One area where audio deepfakes could help is in obscuring the identity of people speaking, because speech reveals sensitive information like age, gender, health status, and even potential future health conditions. Dawalatabad cites research indicating that certain health conditions such as dementia can be detected from speech patterns, which highlights the need for ways to keep such data private. He points out that the task of anonymizing speakers isn’t just a technical challenge, but a moral obligation to preserve individual privacy.

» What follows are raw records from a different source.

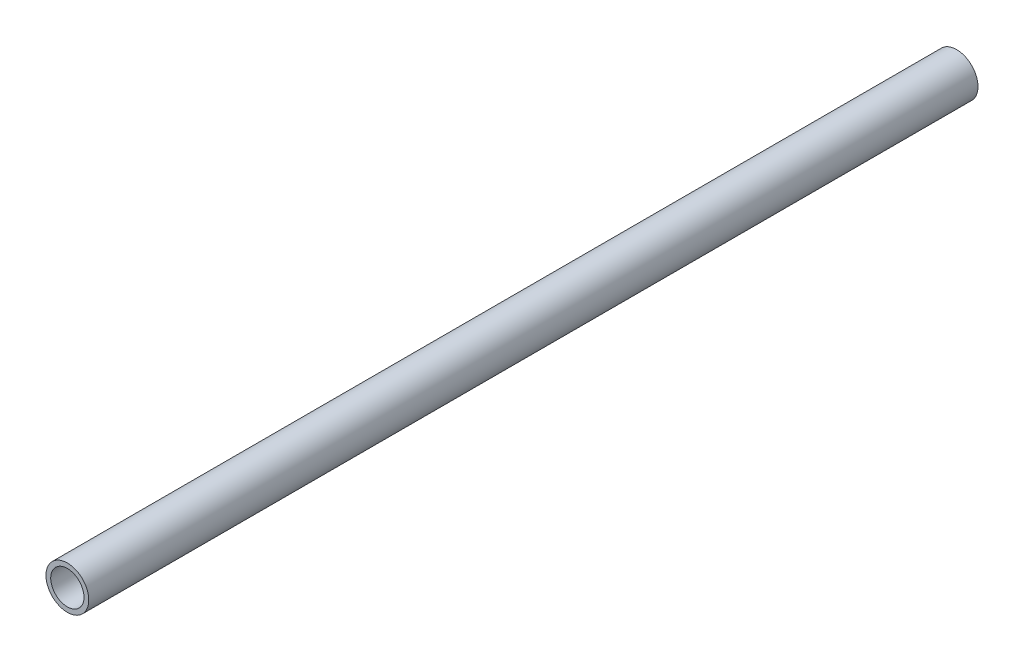
ISO-10303-21;
HEADER;
FILE_DESCRIPTION(('STEP AP214'),'2;1');
FILE_NAME('part.step','',(''),(''),'','','');
FILE_SCHEMA(('AUTOMOTIVE_DESIGN { 1 0 10303 214 1 1 1 1 }'));
ENDSEC;
DATA;
#1=APPLICATION_CONTEXT('core data for automotive mechanical design processes');
#2=APPLICATION_PROTOCOL_DEFINITION('international standard','automotive_design',2000,#1);
#3=PRODUCT_CONTEXT('',#1,'mechanical');
#4=PRODUCT('Part','Part','',(#3));
#5=PRODUCT_RELATED_PRODUCT_CATEGORY('part','',(#4));
#6=PRODUCT_DEFINITION_FORMATION('','',#4);
#7=PRODUCT_DEFINITION_CONTEXT('part definition',#1,'design');
#8=PRODUCT_DEFINITION('design','',#6,#7);
#9=PRODUCT_DEFINITION_SHAPE('','',#8);
#10=(LENGTH_UNIT() NAMED_UNIT(*) SI_UNIT(.MILLI.,.METRE.));
#11=(NAMED_UNIT(*) PLANE_ANGLE_UNIT() SI_UNIT($,.RADIAN.));
#12=(NAMED_UNIT(*) SI_UNIT($,.STERADIAN.) SOLID_ANGLE_UNIT());
#13=UNCERTAINTY_MEASURE_WITH_UNIT(LENGTH_MEASURE(1.E-05),#10,'distance_accuracy_value','');
#14=(GEOMETRIC_REPRESENTATION_CONTEXT(3) GLOBAL_UNCERTAINTY_ASSIGNED_CONTEXT((#13)) GLOBAL_UNIT_ASSIGNED_CONTEXT((#10,
#11,#12)) REPRESENTATION_CONTEXT('',''));
#15=CARTESIAN_POINT('',(0.,0.,0.));
#16=DIRECTION('',(0.,0.,1.));
#17=DIRECTION('',(1.,0.,0.));
#18=AXIS2_PLACEMENT_3D('',#15,#16,#17);
#19=CARTESIAN_POINT('',(0.,0.,373.98));
#20=DIRECTION('',(0.,0.,1.));
#21=DIRECTION('',(1.,0.,0.));
#22=AXIS2_PLACEMENT_3D('',#19,#20,#21);
#23=PLANE('',#22);
#24=CARTESIAN_POINT('',(0.,0.,373.98));
#25=DIRECTION('',(0.,0.,1.));
#26=DIRECTION('',(1.,0.,0.));
#27=AXIS2_PLACEMENT_3D('',#24,#25,#26);
#28=CIRCLE('',#27,9.);
#29=CARTESIAN_POINT('',(9.,0.,373.98));
#30=VERTEX_POINT('',#29);
#31=EDGE_CURVE('E10',#30,#30,#28,.T.);
#32=ORIENTED_EDGE('',*,*,#31,.T.);
#33=EDGE_LOOP('',(#32));
#34=FACE_BOUND('',#33,.T.);
#35=CARTESIAN_POINT('',(0.,0.,373.98));
#36=DIRECTION('',(0.,0.,1.));
#37=DIRECTION('',(1.,0.,0.));
#38=AXIS2_PLACEMENT_3D('',#35,#36,#37);
#39=CIRCLE('',#38,7.);
#40=CARTESIAN_POINT('',(7.,0.,373.98));
#41=VERTEX_POINT('',#40);
#42=EDGE_CURVE('E50',#41,#41,#39,.T.);
#43=ORIENTED_EDGE('',*,*,#42,.F.);
#44=EDGE_LOOP('',(#43));
#45=FACE_BOUND('',#44,.T.);
#46=ADVANCED_FACE('F37',(#34,#45),#23,.T.);
#47=CARTESIAN_POINT('',(0.,0.,0.));
#48=DIRECTION('',(0.,0.,1.));
#49=DIRECTION('',(1.,0.,0.));
#50=AXIS2_PLACEMENT_3D('',#47,#48,#49);
#51=PLANE('',#50);
#52=CARTESIAN_POINT('',(0.,0.,0.));
#53=DIRECTION('',(0.,0.,1.));
#54=DIRECTION('',(1.,0.,0.));
#55=AXIS2_PLACEMENT_3D('',#52,#53,#54);
#56=CIRCLE('',#55,9.);
#57=CARTESIAN_POINT('',(9.,0.,0.));
#58=VERTEX_POINT('',#57);
#59=EDGE_CURVE('E41',#58,#58,#56,.T.);
#60=ORIENTED_EDGE('',*,*,#59,.F.);
#61=EDGE_LOOP('',(#60));
#62=FACE_BOUND('',#61,.T.);
#63=CARTESIAN_POINT('',(0.,0.,0.));
#64=DIRECTION('',(0.,0.,1.));
#65=DIRECTION('',(1.,0.,0.));
#66=AXIS2_PLACEMENT_3D('',#63,#64,#65);
#67=CIRCLE('',#66,7.);
#68=CARTESIAN_POINT('',(7.,0.,0.));
#69=VERTEX_POINT('',#68);
#70=EDGE_CURVE('E52',#69,#69,#67,.T.);
#71=ORIENTED_EDGE('',*,*,#70,.T.);
#72=EDGE_LOOP('',(#71));
#73=FACE_BOUND('',#72,.T.);
#74=ADVANCED_FACE('F64',(#62,#73),#51,.F.);
#75=CARTESIAN_POINT('',(0.,0.,373.98));
#76=DIRECTION('',(0.,0.,-1.));
#77=DIRECTION('',(-1.,0.,0.));
#78=AXIS2_PLACEMENT_3D('',#75,#76,#77);
#79=CYLINDRICAL_SURFACE('',#78,9.);
#80=ORIENTED_EDGE('',*,*,#31,.F.);
#81=EDGE_LOOP('',(#80));
#82=FACE_BOUND('',#81,.T.);
#83=ORIENTED_EDGE('',*,*,#59,.T.);
#84=EDGE_LOOP('',(#83));
#85=FACE_BOUND('',#84,.T.);
#86=ADVANCED_FACE('F39',(#82,#85),#79,.T.);
#87=CARTESIAN_POINT('',(0.,0.,373.98));
#88=DIRECTION('',(0.,0.,-1.));
#89=DIRECTION('',(-1.,0.,0.));
#90=AXIS2_PLACEMENT_3D('',#87,#88,#89);
#91=CYLINDRICAL_SURFACE('',#90,7.);
#92=ORIENTED_EDGE('',*,*,#42,.T.);
#93=EDGE_LOOP('',(#92));
#94=FACE_BOUND('',#93,.T.);
#95=ORIENTED_EDGE('',*,*,#70,.F.);
#96=EDGE_LOOP('',(#95));
#97=FACE_BOUND('',#96,.T.);
#98=ADVANCED_FACE('F60',(#94,#97),#91,.F.);
#99=CLOSED_SHELL('',(#46,#74,#86,#98));
#100=MANIFOLD_SOLID_BREP('B2',#99);
#101=ADVANCED_BREP_SHAPE_REPRESENTATION('',(#18,#100),#14);
#102=SHAPE_DEFINITION_REPRESENTATION(#9,#101);
ENDSEC;
END-ISO-10303-21;

Dawalatabad also touches on how to combat audio deepfake-related spear-phishing attacks. These can spread misinformation, lead to identity theft, infringe privacy, and alter content maliciously. While anyone can create such fake audio, there are countermeasures being developed. Two prominent methods for detecting fake audio involve artifact and liveness detection: the former identifies anomalies in the audio, the latter focuses on natural elements of speech that AI models struggle to emulate. Companies like Pindrop are developing such solutions.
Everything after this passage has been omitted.